Thanks for your help.


----------



## VisExp (Dec 13, 2007)

I have the one with three wheels and it fits on my Jet mini VS.


----------



## rherrell (Dec 13, 2007)

The Beall 3 buff system will fit a Jet mini. J.R. Beall talks about it on his tool video. He's a member here as well!


----------



## cowchaser (Dec 13, 2007)

Well, thanks for lining that out for me. The woodcraft site said one end of the 18" mandrel is machined for the 2mt and I just assumed that it wouldn't fit. Guess I did not account for deductions to slinding it into the headstock and so on. Great to you have you guys around. Keeps idiots like me in line .


----------



## byounghusband (Dec 13, 2007)

Build your own.....  I did a two wheel set up and it work great.  The third wheel is on it's original mandrel.  THis give me more room to work with as I am buffing pieces.


----------



## cowchaser (Dec 13, 2007)

For those with the Beall do you suggest the 3 wheel or the single wheels. I would assume that if I ever wanted to do a bowl I would probably wish I had the 1 wheel. Anyone suggest anything here?

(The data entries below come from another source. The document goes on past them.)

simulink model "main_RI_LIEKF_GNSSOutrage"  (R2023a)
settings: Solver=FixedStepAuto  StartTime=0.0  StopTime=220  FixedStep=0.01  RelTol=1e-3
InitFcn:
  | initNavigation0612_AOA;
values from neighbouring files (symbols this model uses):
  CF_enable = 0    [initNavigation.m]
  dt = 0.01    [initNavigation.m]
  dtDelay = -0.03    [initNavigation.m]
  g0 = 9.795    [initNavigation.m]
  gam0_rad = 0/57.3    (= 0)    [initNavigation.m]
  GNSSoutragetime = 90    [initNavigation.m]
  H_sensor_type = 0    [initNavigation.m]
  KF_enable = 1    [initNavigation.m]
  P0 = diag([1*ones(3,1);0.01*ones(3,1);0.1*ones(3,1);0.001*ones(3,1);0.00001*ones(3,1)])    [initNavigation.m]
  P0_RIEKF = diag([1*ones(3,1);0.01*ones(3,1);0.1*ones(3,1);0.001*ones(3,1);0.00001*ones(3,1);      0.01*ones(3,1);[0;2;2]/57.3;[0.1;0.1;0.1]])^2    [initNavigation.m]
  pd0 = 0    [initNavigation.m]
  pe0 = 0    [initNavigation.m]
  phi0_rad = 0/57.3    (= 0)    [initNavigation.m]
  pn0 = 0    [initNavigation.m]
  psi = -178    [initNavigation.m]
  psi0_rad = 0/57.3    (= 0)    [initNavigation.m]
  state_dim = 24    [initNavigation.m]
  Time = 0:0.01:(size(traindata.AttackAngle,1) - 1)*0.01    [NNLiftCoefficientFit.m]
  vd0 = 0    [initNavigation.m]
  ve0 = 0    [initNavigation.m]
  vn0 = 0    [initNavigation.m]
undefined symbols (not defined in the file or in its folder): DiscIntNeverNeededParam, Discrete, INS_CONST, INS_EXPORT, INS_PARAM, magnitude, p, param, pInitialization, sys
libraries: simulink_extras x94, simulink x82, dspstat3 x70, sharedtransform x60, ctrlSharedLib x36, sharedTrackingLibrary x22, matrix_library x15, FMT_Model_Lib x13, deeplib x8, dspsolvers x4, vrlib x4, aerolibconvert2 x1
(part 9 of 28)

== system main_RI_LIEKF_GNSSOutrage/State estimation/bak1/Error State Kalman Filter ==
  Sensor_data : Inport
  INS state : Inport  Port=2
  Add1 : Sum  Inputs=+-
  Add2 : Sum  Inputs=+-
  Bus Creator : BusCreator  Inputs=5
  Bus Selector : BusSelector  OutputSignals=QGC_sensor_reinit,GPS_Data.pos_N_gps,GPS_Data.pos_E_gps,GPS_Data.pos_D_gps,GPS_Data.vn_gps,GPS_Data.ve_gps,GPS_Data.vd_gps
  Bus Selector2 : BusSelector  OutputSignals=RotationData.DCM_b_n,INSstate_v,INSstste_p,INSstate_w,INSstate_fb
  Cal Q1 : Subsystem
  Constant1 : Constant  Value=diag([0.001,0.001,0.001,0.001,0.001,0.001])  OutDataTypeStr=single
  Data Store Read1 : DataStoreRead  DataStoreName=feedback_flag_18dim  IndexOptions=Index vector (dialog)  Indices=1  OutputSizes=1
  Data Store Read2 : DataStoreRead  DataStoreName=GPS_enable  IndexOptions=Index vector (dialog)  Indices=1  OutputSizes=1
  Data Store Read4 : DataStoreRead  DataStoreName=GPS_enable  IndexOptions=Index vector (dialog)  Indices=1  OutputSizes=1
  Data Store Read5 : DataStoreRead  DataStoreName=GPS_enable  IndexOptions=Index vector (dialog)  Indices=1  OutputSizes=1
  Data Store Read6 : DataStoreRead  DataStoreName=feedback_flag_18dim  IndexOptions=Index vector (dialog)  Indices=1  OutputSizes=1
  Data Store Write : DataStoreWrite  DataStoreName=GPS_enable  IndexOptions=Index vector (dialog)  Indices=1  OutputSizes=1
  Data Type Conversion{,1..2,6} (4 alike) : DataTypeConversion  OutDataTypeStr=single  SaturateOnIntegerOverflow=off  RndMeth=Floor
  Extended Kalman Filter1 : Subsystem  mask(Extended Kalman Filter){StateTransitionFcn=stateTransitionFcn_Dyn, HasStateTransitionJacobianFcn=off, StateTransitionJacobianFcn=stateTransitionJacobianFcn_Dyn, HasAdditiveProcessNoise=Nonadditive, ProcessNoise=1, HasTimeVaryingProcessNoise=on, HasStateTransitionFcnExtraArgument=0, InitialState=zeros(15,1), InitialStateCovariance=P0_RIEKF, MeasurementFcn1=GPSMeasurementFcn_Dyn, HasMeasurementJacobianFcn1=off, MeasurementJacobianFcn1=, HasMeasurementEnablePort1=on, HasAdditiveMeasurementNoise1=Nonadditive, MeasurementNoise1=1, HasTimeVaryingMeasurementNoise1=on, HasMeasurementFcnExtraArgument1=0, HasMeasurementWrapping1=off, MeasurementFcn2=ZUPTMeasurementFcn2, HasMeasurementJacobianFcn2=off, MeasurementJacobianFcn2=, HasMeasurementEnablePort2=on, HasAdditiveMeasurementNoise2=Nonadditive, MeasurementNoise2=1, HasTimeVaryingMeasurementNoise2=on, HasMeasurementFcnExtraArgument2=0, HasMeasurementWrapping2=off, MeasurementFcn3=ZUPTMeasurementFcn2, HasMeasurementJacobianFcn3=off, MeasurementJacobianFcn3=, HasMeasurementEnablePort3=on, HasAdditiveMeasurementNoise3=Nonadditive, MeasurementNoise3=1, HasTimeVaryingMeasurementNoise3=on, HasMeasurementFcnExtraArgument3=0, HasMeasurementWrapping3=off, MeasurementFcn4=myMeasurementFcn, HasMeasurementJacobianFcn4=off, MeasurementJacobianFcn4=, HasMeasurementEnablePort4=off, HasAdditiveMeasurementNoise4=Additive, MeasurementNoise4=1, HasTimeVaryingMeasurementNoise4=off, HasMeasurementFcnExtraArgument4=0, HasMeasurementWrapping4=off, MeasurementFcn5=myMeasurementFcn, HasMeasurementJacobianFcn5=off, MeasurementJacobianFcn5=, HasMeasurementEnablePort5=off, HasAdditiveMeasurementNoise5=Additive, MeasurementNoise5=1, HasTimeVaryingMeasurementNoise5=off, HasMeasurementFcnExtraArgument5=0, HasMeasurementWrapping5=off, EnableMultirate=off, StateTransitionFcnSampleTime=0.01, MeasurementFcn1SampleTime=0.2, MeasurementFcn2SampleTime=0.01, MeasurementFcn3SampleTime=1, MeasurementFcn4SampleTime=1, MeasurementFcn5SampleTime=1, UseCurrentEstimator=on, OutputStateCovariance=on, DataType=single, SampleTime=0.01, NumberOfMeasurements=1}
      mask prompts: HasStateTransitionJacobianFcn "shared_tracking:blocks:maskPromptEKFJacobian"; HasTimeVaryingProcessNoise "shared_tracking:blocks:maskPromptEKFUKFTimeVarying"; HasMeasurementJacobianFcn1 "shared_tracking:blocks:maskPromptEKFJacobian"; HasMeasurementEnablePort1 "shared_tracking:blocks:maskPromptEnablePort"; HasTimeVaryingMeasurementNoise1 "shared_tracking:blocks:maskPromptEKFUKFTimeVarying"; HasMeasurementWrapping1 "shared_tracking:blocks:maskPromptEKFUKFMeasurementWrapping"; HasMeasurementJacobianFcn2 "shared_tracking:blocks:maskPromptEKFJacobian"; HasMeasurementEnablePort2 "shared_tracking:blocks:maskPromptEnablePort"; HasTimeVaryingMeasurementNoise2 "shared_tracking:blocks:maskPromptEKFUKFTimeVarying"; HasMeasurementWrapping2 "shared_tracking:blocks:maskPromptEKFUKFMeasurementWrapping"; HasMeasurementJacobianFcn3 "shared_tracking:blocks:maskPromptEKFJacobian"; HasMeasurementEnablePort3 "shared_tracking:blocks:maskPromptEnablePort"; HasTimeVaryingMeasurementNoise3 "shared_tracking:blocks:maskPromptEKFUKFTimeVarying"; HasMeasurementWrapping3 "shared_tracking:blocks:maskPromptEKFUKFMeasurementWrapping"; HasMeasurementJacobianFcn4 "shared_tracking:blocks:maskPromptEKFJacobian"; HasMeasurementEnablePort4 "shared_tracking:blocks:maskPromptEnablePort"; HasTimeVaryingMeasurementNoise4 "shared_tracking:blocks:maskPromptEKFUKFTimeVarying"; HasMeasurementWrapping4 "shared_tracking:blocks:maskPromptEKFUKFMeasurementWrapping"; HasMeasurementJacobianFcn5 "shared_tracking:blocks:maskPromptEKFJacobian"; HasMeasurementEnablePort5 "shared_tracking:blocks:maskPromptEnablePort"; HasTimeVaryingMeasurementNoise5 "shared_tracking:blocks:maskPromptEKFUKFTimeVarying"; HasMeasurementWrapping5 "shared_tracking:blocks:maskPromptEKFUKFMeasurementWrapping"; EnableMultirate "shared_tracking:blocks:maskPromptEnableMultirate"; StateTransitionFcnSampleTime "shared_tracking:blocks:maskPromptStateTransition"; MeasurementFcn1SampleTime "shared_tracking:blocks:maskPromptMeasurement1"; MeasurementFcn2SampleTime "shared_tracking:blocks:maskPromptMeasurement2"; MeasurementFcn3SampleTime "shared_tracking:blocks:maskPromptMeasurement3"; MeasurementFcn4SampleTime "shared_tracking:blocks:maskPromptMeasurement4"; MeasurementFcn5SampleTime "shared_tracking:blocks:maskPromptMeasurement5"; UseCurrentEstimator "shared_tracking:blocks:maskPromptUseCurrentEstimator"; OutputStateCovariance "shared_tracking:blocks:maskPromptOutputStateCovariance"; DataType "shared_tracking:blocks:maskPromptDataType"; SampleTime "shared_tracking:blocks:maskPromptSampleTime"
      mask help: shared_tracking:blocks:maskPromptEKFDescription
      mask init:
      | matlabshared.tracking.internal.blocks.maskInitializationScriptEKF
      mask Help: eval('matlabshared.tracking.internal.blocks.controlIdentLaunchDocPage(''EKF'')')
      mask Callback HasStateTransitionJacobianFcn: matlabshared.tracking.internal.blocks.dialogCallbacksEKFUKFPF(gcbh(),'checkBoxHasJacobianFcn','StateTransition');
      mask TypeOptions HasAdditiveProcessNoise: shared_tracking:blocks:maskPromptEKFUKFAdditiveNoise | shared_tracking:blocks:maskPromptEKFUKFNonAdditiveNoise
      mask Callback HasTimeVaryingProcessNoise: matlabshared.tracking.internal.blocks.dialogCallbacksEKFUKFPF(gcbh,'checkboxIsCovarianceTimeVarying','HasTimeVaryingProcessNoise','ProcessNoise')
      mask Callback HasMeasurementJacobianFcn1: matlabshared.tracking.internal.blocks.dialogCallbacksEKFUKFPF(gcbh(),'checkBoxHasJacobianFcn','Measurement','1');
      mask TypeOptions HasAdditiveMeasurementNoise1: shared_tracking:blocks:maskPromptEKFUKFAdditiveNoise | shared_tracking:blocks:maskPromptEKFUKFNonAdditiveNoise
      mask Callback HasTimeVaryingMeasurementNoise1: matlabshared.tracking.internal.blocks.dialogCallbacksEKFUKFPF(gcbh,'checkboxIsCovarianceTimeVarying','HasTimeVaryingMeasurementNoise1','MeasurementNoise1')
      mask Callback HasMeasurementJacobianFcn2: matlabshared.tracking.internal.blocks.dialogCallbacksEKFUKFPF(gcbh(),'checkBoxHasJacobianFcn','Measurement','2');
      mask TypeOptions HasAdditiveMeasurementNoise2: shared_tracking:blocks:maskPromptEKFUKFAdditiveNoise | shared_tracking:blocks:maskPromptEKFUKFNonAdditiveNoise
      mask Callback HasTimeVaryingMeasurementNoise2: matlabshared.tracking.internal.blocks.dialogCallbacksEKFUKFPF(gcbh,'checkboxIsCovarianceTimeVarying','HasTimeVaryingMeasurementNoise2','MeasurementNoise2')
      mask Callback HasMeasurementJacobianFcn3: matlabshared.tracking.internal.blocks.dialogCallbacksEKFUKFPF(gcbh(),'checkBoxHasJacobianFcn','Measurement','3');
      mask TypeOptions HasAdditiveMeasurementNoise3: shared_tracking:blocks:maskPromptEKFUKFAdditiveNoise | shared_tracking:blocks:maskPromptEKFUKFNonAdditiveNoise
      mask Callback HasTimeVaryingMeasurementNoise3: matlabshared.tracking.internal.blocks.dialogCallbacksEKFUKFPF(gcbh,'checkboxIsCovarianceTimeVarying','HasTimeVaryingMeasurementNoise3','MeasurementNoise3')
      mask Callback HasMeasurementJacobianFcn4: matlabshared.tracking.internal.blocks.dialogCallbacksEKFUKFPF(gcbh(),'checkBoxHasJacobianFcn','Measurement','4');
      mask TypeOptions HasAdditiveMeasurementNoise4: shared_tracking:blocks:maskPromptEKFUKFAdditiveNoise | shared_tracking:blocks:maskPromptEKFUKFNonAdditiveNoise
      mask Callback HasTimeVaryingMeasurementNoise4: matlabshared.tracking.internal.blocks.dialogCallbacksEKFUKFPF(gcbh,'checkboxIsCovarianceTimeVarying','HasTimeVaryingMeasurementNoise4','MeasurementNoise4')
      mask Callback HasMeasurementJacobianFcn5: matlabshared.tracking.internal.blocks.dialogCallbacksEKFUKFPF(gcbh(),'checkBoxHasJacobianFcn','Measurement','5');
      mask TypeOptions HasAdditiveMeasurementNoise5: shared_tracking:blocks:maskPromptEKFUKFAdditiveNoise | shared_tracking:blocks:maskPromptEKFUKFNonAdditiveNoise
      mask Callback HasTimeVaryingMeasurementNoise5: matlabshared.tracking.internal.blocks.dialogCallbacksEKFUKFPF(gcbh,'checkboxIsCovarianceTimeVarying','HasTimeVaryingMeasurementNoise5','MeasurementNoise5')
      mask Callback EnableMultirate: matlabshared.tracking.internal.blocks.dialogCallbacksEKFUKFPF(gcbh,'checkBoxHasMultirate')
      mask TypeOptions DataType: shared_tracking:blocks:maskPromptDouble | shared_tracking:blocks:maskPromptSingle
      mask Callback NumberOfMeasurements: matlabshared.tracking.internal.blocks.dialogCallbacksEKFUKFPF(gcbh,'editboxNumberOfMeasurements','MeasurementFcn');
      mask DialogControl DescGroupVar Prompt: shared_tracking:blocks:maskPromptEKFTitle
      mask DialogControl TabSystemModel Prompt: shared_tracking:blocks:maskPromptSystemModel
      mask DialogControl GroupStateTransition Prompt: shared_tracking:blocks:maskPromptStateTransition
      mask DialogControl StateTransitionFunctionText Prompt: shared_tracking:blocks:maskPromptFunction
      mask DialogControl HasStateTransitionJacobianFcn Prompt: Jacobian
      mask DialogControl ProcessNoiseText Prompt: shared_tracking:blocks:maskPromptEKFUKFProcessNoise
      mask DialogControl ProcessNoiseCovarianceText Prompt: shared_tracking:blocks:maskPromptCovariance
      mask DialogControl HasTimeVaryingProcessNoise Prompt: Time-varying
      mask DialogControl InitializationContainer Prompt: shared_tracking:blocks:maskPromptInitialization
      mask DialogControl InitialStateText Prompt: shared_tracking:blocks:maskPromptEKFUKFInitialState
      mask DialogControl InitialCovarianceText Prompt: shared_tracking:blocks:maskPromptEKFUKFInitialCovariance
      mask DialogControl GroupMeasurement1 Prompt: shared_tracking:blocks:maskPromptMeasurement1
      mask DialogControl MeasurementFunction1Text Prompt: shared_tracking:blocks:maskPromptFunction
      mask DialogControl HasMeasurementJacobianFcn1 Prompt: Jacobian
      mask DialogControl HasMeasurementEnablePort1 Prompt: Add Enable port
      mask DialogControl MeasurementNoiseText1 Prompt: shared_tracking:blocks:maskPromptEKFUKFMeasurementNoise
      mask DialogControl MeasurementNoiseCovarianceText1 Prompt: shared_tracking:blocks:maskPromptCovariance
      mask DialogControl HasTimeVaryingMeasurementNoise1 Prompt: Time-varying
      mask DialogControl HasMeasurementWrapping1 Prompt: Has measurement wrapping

I probably shouldn't make my own. I could explain more, but I would probably hurt myself doing that also.


----------



## toolcrazy (Dec 14, 2007)

I like my Beall 3 wheel. I'm lazy and hate having to keep switching things out. I've done some bowls and haven't had an issue with the 3 wheel system.


----------



## Randy_ (Dec 14, 2007)

> _Originally posted by cowchaser_
> 
> For those with the Beall do you suggest the 3 wheel or the single wheels. I would assume that if I ever wanted to do a bowl I would probably wish I had the 1 wheel. Anyone suggest anything here?



It would be easy enough the buy some PVC pipe and make a new set of spacers so your Beall 3 wheel could be converted to one wheel.  The set-up is simple enough that changing wheels would be very fast.


----------



## W3DRM (Jan 1, 2008)

I've had my Beall Buffing System for several weeks now and got tired of having to change from wheel to wheel so I made my own Three On style by mounting it between centers on my Shopsmith. I bought some 3/8" inch threaded rod along with some nuts and washers to hold each of the wheels on the shaft. It works great except that I have to keep the speed down to 800 or less to prevent excessive vibration of the wheels. I also have found that I get a lot of static electricity build-up when buffing and am constantly getting zapped when I come near a metal part of the lathe. Otherwise, not having to change-out the wheels makes pen buffing much quicker. See the attached pictures of my setup:


----------



## rhahnfl (Jan 1, 2008)

I got the three on for Christmas and can hardly wait to try it out. I want to take my old spare lathe motor (converted to variable speed)   and make a buffing rig with it so I have it set up and ready to use all the time. Anyone tried that yet? I think I can get the parts online if I shop it enough.


----------



## Randy_ (Jan 1, 2008)

> _Originally posted by drmcroberts_
> 
> .....I made my own Three On style by mounting it between centers on my Shopsmith. I bought some 3/8" inch threaded rod along with some nuts and washers to hold each of the wheels on the shaft. It works great except that I have to keep the speed down to 800 or less to prevent excessive vibration of the wheels.....



Don:  I wonder if your vibration is due to some flexing in your mandrel shaft.  The Beall 3 on 1 system uses a 3/4" mandrel and most of the home-built ones I have seen described on IAP have used at least 1/2" mandrels.


----------



## cowchaser (Jan 2, 2008)

> _Originally posted by rhahnfl_
> 
> I got the three on for Christmas and can hardly wait to try it out. I want to take my old spare lathe motor (converted to variable speed)   and make a buffing rig with it so I have it set up and ready to use all the time. Anyone tried that yet? I think I can get the parts online if I shop it enough.



I used mine for the first time a couple of days ago. Did 4 bottle stoppers. Love it. Only thing I don't like is all the mess the wheels make. Strings and fuzzy stuff all over the place. Wife wasn't to happy when she came out and her grocery getter was covered in white the next morning, but all that will clear up from what I am told. 

Question I am running into is on the wax. It comes with caranuba and I have used it. What if I want to use something different like Ren wax. Do I have to buy a new wheel or just keep using the one I have?


----------



## rherrell (Jan 2, 2008)

Besides using 3/4" rod like Randy suggested, try shortening it up a bit.


----------